Any help would be greatly appreciated.

Thanks!!


----------



## Provo

I would help out if you posted an example but from what you are describing it sounds like the smoothing is set low or smoothing light click on to min or low.

another possibility is a combination of strengh and smoothing play with the sliders.


----------



## Bynx

I think two of the faults with HDR software is the ease in creating dark sooty clouds and bright fluorescent yellowish green grass. Both are attributable to the problems mentioned by Provo. The screen is interactive so as you move the sliders you can see the result. So just back off the slider for the clouds. As for the grass, take it in photoshop and using Selective Color, reduce the yellow and increase the cyan in the Green with maybe a little extra black.


----------



## JayhawkCWE

Thanks for the responses guys.  I'm actually doing this for a student of mine and these are her photos.  The top one is an example of the sky.  I know this photo has some other issues such as the noise at the bottom, but we can fix that.  The sky is the most important thing to us to figure out right now.  The second photo is more the effect we're looking for.  The only workflow difference between the first and second photos is that the second photo was actually bracketed in the camera, whereas the first photo was one RAW photo that we bracketed in photoshop and then took into photomatix.  both were taken in similar light and you can see there's a pretty big difference.  could the way it was bracketed make THAT much of a difference or did we do something else different by mistake?

Again, thanks for any input.

bracketed in camera:






bracketed in PSCS4:


----------



## JayhawkCWE

btw, the saturation settings are similar as well... I figured after looking at my post that I should mention that...


----------



## ann

yes, the number exposures and how they are used can make a difference.

This comes up over and over again. taking one image and making it into 3 and then running it as an HDR image. It isn't . HDR is about contrast range and if one file contains all the information you can move it too tonemapping and get similar results, but it isn't true HDR.

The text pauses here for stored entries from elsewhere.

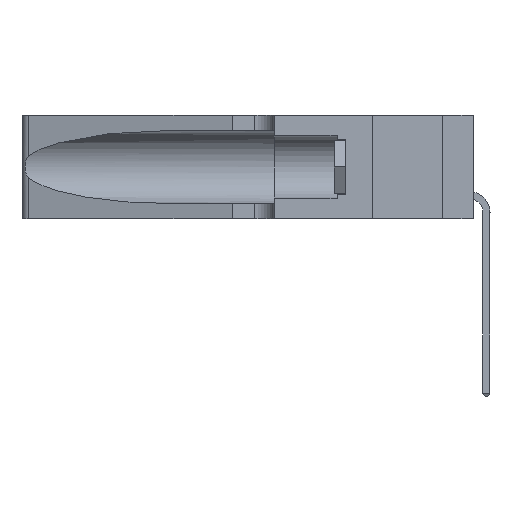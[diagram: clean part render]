
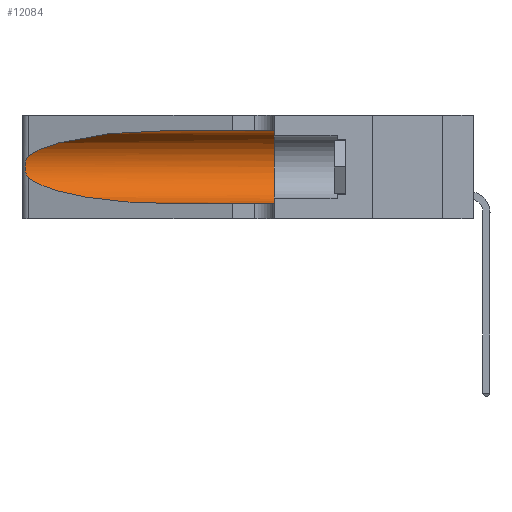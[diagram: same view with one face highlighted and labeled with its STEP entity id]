
A CAD part, left-side view. The second image highlights one B-rep face of the part: STEP entity #12084.
In plain terms, the highlighted cylindrical face has radius 3.308 mm (diameter 6.617 mm), a partial arc.
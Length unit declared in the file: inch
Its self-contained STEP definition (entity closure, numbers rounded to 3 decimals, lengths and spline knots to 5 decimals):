
#954 = CARTESIAN_POINT ( 'NONE',  ( 0.1305, 0.35, 0.185 ) ) ;
#1861 = EDGE_CURVE ( 'NONE', #3503, #39912, #5490, .T. ) ;
#1946 = VECTOR ( 'NONE', #24307, 39.37008 ) ;
#3069 = LINE ( 'NONE', #7002, #38445 ) ;
#3237 = VERTEX_POINT ( 'NONE', #25100 ) ;
#3428 = EDGE_CURVE ( 'NONE', #3237, #4760, #23144, .T. ) ;
#3503 = VERTEX_POINT ( 'NONE', #21320 ) ;
#4322 = AXIS2_PLACEMENT_3D ( 'NONE', #46529, #43051, #35353 ) ;
#4760 = VERTEX_POINT ( 'NONE', #31381 ) ;
#4955 = ORIENTED_EDGE ( 'NONE', *, *, #37876, .T. ) ;
#4978 = EDGE_CURVE ( 'NONE', #3503, #3237, #3069, .T. ) ;
#5490 =( BOUNDED_CURVE ( )  B_SPLINE_CURVE ( 3, ( #45179, #5866, #49540, #33863 ),
 .UNSPECIFIED., .F., .T. ) 
 B_SPLINE_CURVE_WITH_KNOTS ( ( 4, 4 ),
 ( 1.5708, 2.84003 ),
 .UNSPECIFIED. ) 
 CURVE ( )  GEOMETRIC_REPRESENTATION_ITEM ( )  RATIONAL_B_SPLINE_CURVE ( ( 1., 0.87, 0.87, 1. ) ) 
 REPRESENTATION_ITEM ( '' )  );
#5866 = CARTESIAN_POINT ( 'NONE',  ( 0.18966, 0.96281, 0.31525 ) ) ;
#6315 = CARTESIAN_POINT ( 'NONE',  ( 0.1305, 0.72297, 0.05475 ) ) ;
#6815 = CARTESIAN_POINT ( 'NONE',  ( 0.26075, 1.23896, 0.19203 ) ) ;
#7002 = CARTESIAN_POINT ( 'NONE',  ( 0.1305, 1.61858, 0.31525 ) ) ;
#8312 = EDGE_CURVE ( 'NONE', #39912, #24991, #38665, .T. ) ;
#10806 = CARTESIAN_POINT ( 'NONE',  ( 0.25487, 1.22718, 0.22369 ) ) ;
#10985 = CARTESIAN_POINT ( 'NONE',  ( 0.25854, 1.2359, 0.20912 ) ) ;
#12084 = ADVANCED_FACE ( 'NONE', ( #42642 ), #25212, .F. ) ;
#12540 = LINE ( 'NONE', #28469, #1946 ) ;
#13030 = AXIS2_PLACEMENT_3D ( 'NONE', #954, #40420, #17020 ) ;
#14125 = CARTESIAN_POINT ( 'NONE',  ( 0.25487, 1.22718, 0.14631 ) ) ;
#14796 = CARTESIAN_POINT ( 'NONE',  ( 0.25787, 1.23484, 0.2124 ) ) ;
#16387 = ORIENTED_EDGE ( 'NONE', *, *, #1861, .T. ) ;
#17020 = DIRECTION ( 'NONE',  ( 0., 0., 1. ) ) ;
#18325 = CARTESIAN_POINT ( 'NONE',  ( 0.2373, 1.15595, 0.08982 ) ) ;
#18797 = CARTESIAN_POINT ( 'NONE',  ( 0.25856, 1.23593, 0.16098 ) ) ;
#18806 = ORIENTED_EDGE ( 'NONE', *, *, #35010, .T. ) ;
#21320 = CARTESIAN_POINT ( 'NONE',  ( 0.1305, 0.72297, 0.31525 ) ) ;
#21759 = CARTESIAN_POINT ( 'NONE',  ( 0.25487, 1.22718, 0.14631 ) ) ;
#22218 = CARTESIAN_POINT ( 'NONE',  ( 0.25789, 1.23486, 0.15765 ) ) ;
#23144 = CIRCLE ( 'NONE', #13030, 0.13025 ) ;
#24307 = DIRECTION ( 'NONE',  ( 0., -1., 0. ) ) ;
#24991 = VERTEX_POINT ( 'NONE', #14125 ) ;
#25100 = CARTESIAN_POINT ( 'NONE',  ( 0.1305, 0.35, 0.31525 ) ) ;
#25212 = CYLINDRICAL_SURFACE ( 'NONE', #4322, 0.13025 ) ;
#25939 = CARTESIAN_POINT ( 'NONE',  ( 0.18966, 0.96281, 0.05475 ) ) ;
#26661 = DIRECTION ( 'NONE',  ( 0., -1., 0. ) ) ;
#26987 = EDGE_LOOP ( 'NONE', ( #16387, #29256, #4955, #18806, #27594, #30817 ) ) ;
#27594 = ORIENTED_EDGE ( 'NONE', *, *, #3428, .F. ) ;
#28469 = CARTESIAN_POINT ( 'NONE',  ( 0.1305, 1.61858, 0.05475 ) ) ;
#29256 = ORIENTED_EDGE ( 'NONE', *, *, #8312, .T. ) ;
#29987 = CARTESIAN_POINT ( 'NONE',  ( 0.1305, 0.72297, 0.05475 ) ) ;
#30817 = ORIENTED_EDGE ( 'NONE', *, *, #4978, .F. ) ;
#31381 = CARTESIAN_POINT ( 'NONE',  ( 0.1305, 0.35, 0.05475 ) ) ;
#33863 = CARTESIAN_POINT ( 'NONE',  ( 0.25487, 1.22718, 0.22369 ) ) ;
#33900 =( BOUNDED_CURVE ( )  B_SPLINE_CURVE ( 3, ( #21759, #18325, #25939, #29987 ),
 .UNSPECIFIED., .F., .F. ) 
 B_SPLINE_CURVE_WITH_KNOTS ( ( 4, 4 ),
 ( 3.44316, 4.71239 ),
 .UNSPECIFIED. ) 
 CURVE ( )  GEOMETRIC_REPRESENTATION_ITEM ( )  RATIONAL_B_SPLINE_CURVE ( ( 1., 0.87, 0.87, 1. ) ) 
 REPRESENTATION_ITEM ( '' )  );
#34408 = CARTESIAN_POINT ( 'NONE',  ( 0.26018, 1.23835, 0.19895 ) ) ;
#35010 = EDGE_CURVE ( 'NONE', #37280, #4760, #12540, .T. ) ;
#35353 = DIRECTION ( 'NONE',  ( 0., 0., -1. ) ) ;
#37280 = VERTEX_POINT ( 'NONE', #6315 ) ;
#37876 = EDGE_CURVE ( 'NONE', #24991, #37280, #33900, .T. ) ;
#38445 = VECTOR ( 'NONE', #26661, 39.37008 ) ;
#38535 = CARTESIAN_POINT ( 'NONE',  ( 0.25639, 1.23184, 0.21858 ) ) ;
#38665 = B_SPLINE_CURVE_WITH_KNOTS ( 'NONE', 3,
 ( #10806, #42652, #38535, #14796, #10985, #34408, #6815, #38709, #45933, #18797, #22218, #42292, #46116, #49898 ),
 .UNSPECIFIED., .F., .F.,
 ( 4, 2, 2, 2, 2, 2, 4 ),
 ( 0., 0.00027, 0.00053, 0.00107, 0.0016, 0.00187, 0.00214 ),
 .UNSPECIFIED. ) ;
#38709 = CARTESIAN_POINT ( 'NONE',  ( 0.26075, 1.23896, 0.178 ) ) ;
#39912 = VERTEX_POINT ( 'NONE', #41609 ) ;
#40420 = DIRECTION ( 'NONE',  ( 0., 1., 0. ) ) ;
#41609 = CARTESIAN_POINT ( 'NONE',  ( 0.25487, 1.22718, 0.22369 ) ) ;
#42292 = CARTESIAN_POINT ( 'NONE',  ( 0.25639, 1.23186, 0.15144 ) ) ;
#42642 = FACE_OUTER_BOUND ( 'NONE', #26987, .T. ) ;
#42652 = CARTESIAN_POINT ( 'NONE',  ( 0.25555, 1.22994, 0.2215 ) ) ;
#43051 = DIRECTION ( 'NONE',  ( 0., -1., 0. ) ) ;
#45179 = CARTESIAN_POINT ( 'NONE',  ( 0.1305, 0.72297, 0.31525 ) ) ;
#45933 = CARTESIAN_POINT ( 'NONE',  ( 0.26017, 1.23833, 0.17102 ) ) ;
#46116 = CARTESIAN_POINT ( 'NONE',  ( 0.25555, 1.22993, 0.14849 ) ) ;
#46529 = CARTESIAN_POINT ( 'NONE',  ( 0.1305, 1.61858, 0.185 ) ) ;
#49540 = CARTESIAN_POINT ( 'NONE',  ( 0.2373, 1.15595, 0.28018 ) ) ;
#49898 = CARTESIAN_POINT ( 'NONE',  ( 0.25487, 1.22718, 0.14631 ) ) ;
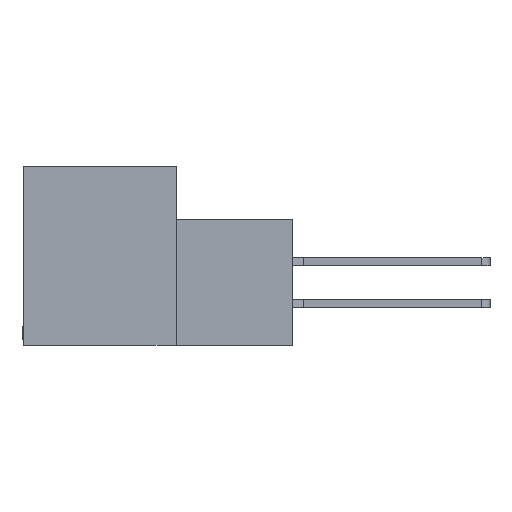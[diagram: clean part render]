
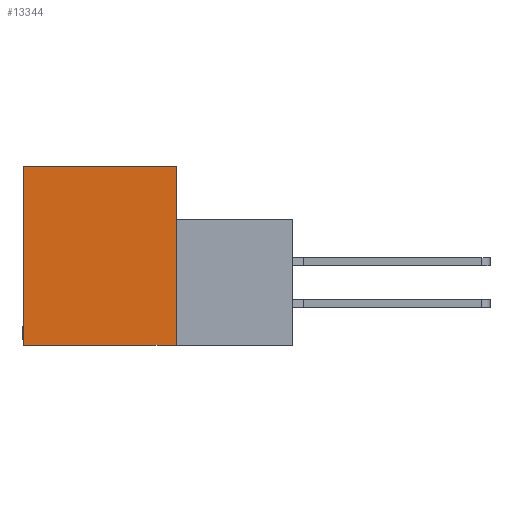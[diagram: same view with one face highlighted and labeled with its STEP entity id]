
A CAD part, left-side view. The second image highlights one B-rep face of the part: STEP entity #13344.
In plain terms, the highlighted planar face has unit normal (-1, 0, 0).
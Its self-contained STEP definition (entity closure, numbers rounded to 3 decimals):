
#28 = EDGE_CURVE ( 'NONE', #1237, #5355, #8078, .T. ) ;
#485 = CARTESIAN_POINT ( 'NONE',  ( 0., 0., 0. ) ) ;
#902 = DIRECTION ( 'NONE',  ( 0., -1., 0. ) ) ;
#1045 = CARTESIAN_POINT ( 'NONE',  ( 0., 11.506, -13.487 ) ) ;
#1237 = VERTEX_POINT ( 'NONE', #485 ) ;
#1446 = PLANE ( 'NONE',  #18778 ) ;
#1701 = LINE ( 'NONE', #21768, #18153 ) ;
#2138 = EDGE_CURVE ( 'NONE', #7416, #1237, #23297, .T. ) ;
#4884 = CARTESIAN_POINT ( 'NONE',  ( 0., 0., 0. ) ) ;
#5355 = VERTEX_POINT ( 'NONE', #12046 ) ;
#6571 = DIRECTION ( 'NONE',  ( 0., 0., -1. ) ) ;
#7416 = VERTEX_POINT ( 'NONE', #12173 ) ;
#7896 = ORIENTED_EDGE ( 'NONE', *, *, #13287, .F. ) ;
#8078 = LINE ( 'NONE', #4884, #10677 ) ;
#8333 = CARTESIAN_POINT ( 'NONE',  ( 0., -8.814, -13.487 ) ) ;
#9240 = ORIENTED_EDGE ( 'NONE', *, *, #21430, .F. ) ;
#10677 = VECTOR ( 'NONE', #6571, 1000. ) ;
#11195 = VECTOR ( 'NONE', #12045, 1000. ) ;
#11929 = CARTESIAN_POINT ( 'NONE',  ( 0., 11.506, 0. ) ) ;
#12045 = DIRECTION ( 'NONE',  ( 0., 1., 0. ) ) ;
#12046 = CARTESIAN_POINT ( 'NONE',  ( 0., 0., -13.487 ) ) ;
#12173 = CARTESIAN_POINT ( 'NONE',  ( 0., 11.506, 0. ) ) ;
#13113 = ORIENTED_EDGE ( 'NONE', *, *, #2138, .F. ) ;
#13287 = EDGE_CURVE ( 'NONE', #15366, #7416, #1701, .T. ) ;
#13344 = ADVANCED_FACE ( 'NONE', ( #23634 ), #1446, .F. ) ;
#14084 = CARTESIAN_POINT ( 'NONE',  ( 0., 0., 0. ) ) ;
#14379 = LINE ( 'NONE', #8333, #11195 ) ;
#15366 = VERTEX_POINT ( 'NONE', #1045 ) ;
#18153 = VECTOR ( 'NONE', #19908, 1000. ) ;
#18778 = AXIS2_PLACEMENT_3D ( 'NONE', #14084, #19665, #23840 ) ;
#18967 = ORIENTED_EDGE ( 'NONE', *, *, #28, .F. ) ;
#19665 = DIRECTION ( 'NONE',  ( 1., 0., 0. ) ) ;
#19908 = DIRECTION ( 'NONE',  ( 0., 0., 1. ) ) ;
#20139 = VECTOR ( 'NONE', #902, 1000. ) ;
#21430 = EDGE_CURVE ( 'NONE', #5355, #15366, #14379, .T. ) ;
#21768 = CARTESIAN_POINT ( 'NONE',  ( 0., 11.506, -13.487 ) ) ;
#23297 = LINE ( 'NONE', #11929, #20139 ) ;
#23405 = EDGE_LOOP ( 'NONE', ( #9240, #18967, #13113, #7896 ) ) ;
#23634 = FACE_OUTER_BOUND ( 'NONE', #23405, .T. ) ;
#23840 = DIRECTION ( 'NONE',  ( 0., 0., -1. ) ) ;
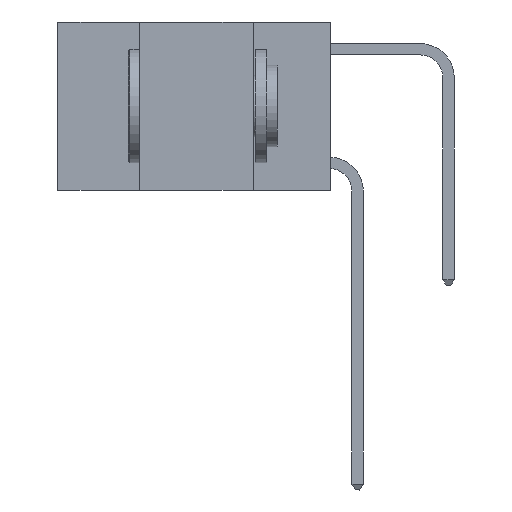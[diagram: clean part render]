
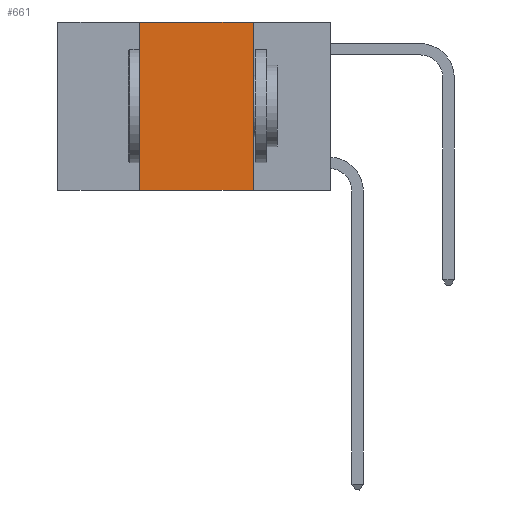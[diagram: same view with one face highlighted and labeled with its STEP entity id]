
A CAD part, left-side view. The second image highlights one B-rep face of the part: STEP entity #661.
In plain terms, the highlighted planar face has unit normal (-1, 0, 0).
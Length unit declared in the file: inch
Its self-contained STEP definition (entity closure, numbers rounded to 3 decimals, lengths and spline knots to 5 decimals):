
#130 = VERTEX_POINT ( 'NONE', #4923 ) ;
#248 = DIRECTION ( 'NONE',  ( 0., -1., 0. ) ) ;
#403 = CARTESIAN_POINT ( 'NONE',  ( 0., 0.42, -0.37 ) ) ;
#425 = LINE ( 'NONE', #8995, #2525 ) ;
#661 = ADVANCED_FACE ( 'NONE', ( #12602 ), #12844, .F. ) ;
#971 = VERTEX_POINT ( 'NONE', #403 ) ;
#1394 = DIRECTION ( 'NONE',  ( 0., 0., 1. ) ) ;
#1475 = DIRECTION ( 'NONE',  ( 0., -1., 0. ) ) ;
#1703 = CARTESIAN_POINT ( 'NONE',  ( 0., 0.6, 0. ) ) ;
#1812 = EDGE_CURVE ( 'NONE', #6109, #130, #2806, .T. ) ;
#2090 = DIRECTION ( 'NONE',  ( 0., 0., -1. ) ) ;
#2525 = VECTOR ( 'NONE', #11838, 39.37008 ) ;
#2806 = LINE ( 'NONE', #1703, #6452 ) ;
#3505 = EDGE_LOOP ( 'NONE', ( #8387, #8623, #8861, #8962 ) ) ;
#3926 = LINE ( 'NONE', #4324, #9018 ) ;
#4324 = CARTESIAN_POINT ( 'NONE',  ( 0., 0.6, -0.37 ) ) ;
#4352 = CARTESIAN_POINT ( 'NONE',  ( 0., 0.42, 0. ) ) ;
#4923 = CARTESIAN_POINT ( 'NONE',  ( 0., 0.17, 0. ) ) ;
#5517 = EDGE_CURVE ( 'NONE', #971, #6109, #9822, .T. ) ;
#5636 = CARTESIAN_POINT ( 'NONE',  ( 0., 0.6, 0. ) ) ;
#5981 = DIRECTION ( 'NONE',  ( 1., 0., 0. ) ) ;
#6033 = CARTESIAN_POINT ( 'NONE',  ( 0., 0.17, -0.37 ) ) ;
#6109 = VERTEX_POINT ( 'NONE', #4352 ) ;
#6452 = VECTOR ( 'NONE', #1475, 39.37008 ) ;
#6584 = VERTEX_POINT ( 'NONE', #6033 ) ;
#7182 = VECTOR ( 'NONE', #1394, 39.37008 ) ;
#8387 = ORIENTED_EDGE ( 'NONE', *, *, #9377, .F. ) ;
#8558 = AXIS2_PLACEMENT_3D ( 'NONE', #5636, #5981, #2090 ) ;
#8623 = ORIENTED_EDGE ( 'NONE', *, *, #1812, .F. ) ;
#8861 = ORIENTED_EDGE ( 'NONE', *, *, #5517, .F. ) ;
#8962 = ORIENTED_EDGE ( 'NONE', *, *, #11624, .T. ) ;
#8995 = CARTESIAN_POINT ( 'NONE',  ( 0., 0.17, 0. ) ) ;
#9018 = VECTOR ( 'NONE', #248, 39.37008 ) ;
#9377 = EDGE_CURVE ( 'NONE', #130, #6584, #425, .T. ) ;
#9822 = LINE ( 'NONE', #11389, #7182 ) ;
#11389 = CARTESIAN_POINT ( 'NONE',  ( 0., 0.42, 0. ) ) ;
#11624 = EDGE_CURVE ( 'NONE', #971, #6584, #3926, .T. ) ;
#11838 = DIRECTION ( 'NONE',  ( 0., 0., -1. ) ) ;
#12602 = FACE_OUTER_BOUND ( 'NONE', #3505, .T. ) ;
#12844 = PLANE ( 'NONE',  #8558 ) ;

As you have discovered there is a huge difference in the result using the same or rather very similar settings


----------



## JayhawkCWE

ann said:


> yes, the number exposures and how they are used can make a difference.
> 
> This comes up over and over again. taking one image and making it into 3 and then running it as an HDR image. It isn't . HDR is about contrast range and if one file contains all the information you can move it too tonemapping and get similar results, but it isn't true HDR.
> 
> As you have discovered there is a huge difference in the result using the same or rather very similar settings



I realize it's not true HDR but I also was under the impression that RAW photographs contain enough information to adjust the exposure and get good results.  I've had a lot of fantastic results working from one photograph, but as you can see, I've also had some less than fantastic results...


----------



## ann

yes a raw file does contain a huge amount of information but it isn't the same that separate exposures can provide. 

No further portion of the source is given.